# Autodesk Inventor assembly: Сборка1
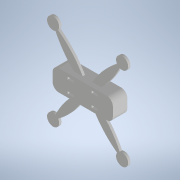
[picture p0: Inventor's stored thumbnail of the model, 180x180]
Saved by Autodesk Inventor 2022 (Build 260153000, 153)
## iProperties
Created: 2025-06-24
Part Number: Сборка1
Document SubType Name: Assembly
Designer: korsh524
Author: korsh524
## Documents named in this file (4)
- C:\git\Olymp20205Smena\Dezign\Drone\Сборка1.iam
- C:\git\Olymp20205Smena\Dezign\Drone\Dron.ipt
- C:\git\Olymp20205Smena\Dezign\Drone\bth.ipt
- C:\git\Olymp20205Smena\Dezign\Drone\top.ipt
## Components (6 placed, 3 different names)
1. Dron:1 — Заподлицо:1, Совмещение:2, Заподлицо:4, Заподлицо:5
2. bth:1 — Заподлицо:1, Совмещение:1, Заподлицо:2, Заподлицо:3
3. bth:2 — Совмещение:1, Заподлицо:2, Заподлицо:3
4. top:1 — Совмещение:2, Заподлицо:4, Заподлицо:5, Совмещение:3, Заподлицо:7, Заподлицо:9
5. top:2 — Совмещение:3, Совмещение:4, Заподлицо:6, Заподлицо:7, Заподлицо:8
6. top:3 — Совмещение:4, Заподлицо:6, Заподлицо:8, Заподлицо:9
## Relationships (13: Flush 9, Mate 4)
- Заподлицо:1 [Flush]: Dron:1 ↔ bth:1
- Совмещение:1 [Mate]: bth:1 ↔ bth:2
- Заподлицо:2 [Flush]: bth:1 ↔ bth:2
- Заподлицо:3 [Flush]: bth:1 ↔ bth:2
- Совмещение:2 [Mate]: Dron:1 ↔ top:1
- Заподлицо:4 [Flush]: Dron:1 ↔ top:1
- Заподлицо:5 [Flush]: Dron:1 ↔ top:1
- Совмещение:3 [Mate]: top:1 ↔ top:2
- Совмещение:4 [Mate]: top:2 ↔ top:3
- Заподлицо:6 [Flush]: top:2 ↔ top:3
- Заподлицо:7 [Flush]: top:1 ↔ top:2
- Заподлицо:8 [Flush]: top:2 ↔ top:3
- Заподлицо:9 [Flush]: top:1 ↔ top:3
------------
Task brief:
Reproduce, word for word, every line from the start of the records down to and including the line with "## Components (6 placed, 3 different names)"; skip the pictures.

Expected answer:
# Autodesk Inventor assembly: Сборка1
[picture p0: Inventor's stored thumbnail of the model, 180x180]
Saved by Autodesk Inventor 2022 (Build 260153000, 153)
## iProperties
Created: 2025-06-24
Part Number: Сборка1
Document SubType Name: Assembly
Designer: korsh524
Author: korsh524
## Documents named in this file (4)
- C:\git\Olymp20205Smena\Dezign\Drone\Сборка1.iam
- C:\git\Olymp20205Smena\Dezign\Drone\Dron.ipt
- C:\git\Olymp20205Smena\Dezign\Drone\bth.ipt
- C:\git\Olymp20205Smena\Dezign\Drone\top.ipt
## Components (6 placed, 3 different names)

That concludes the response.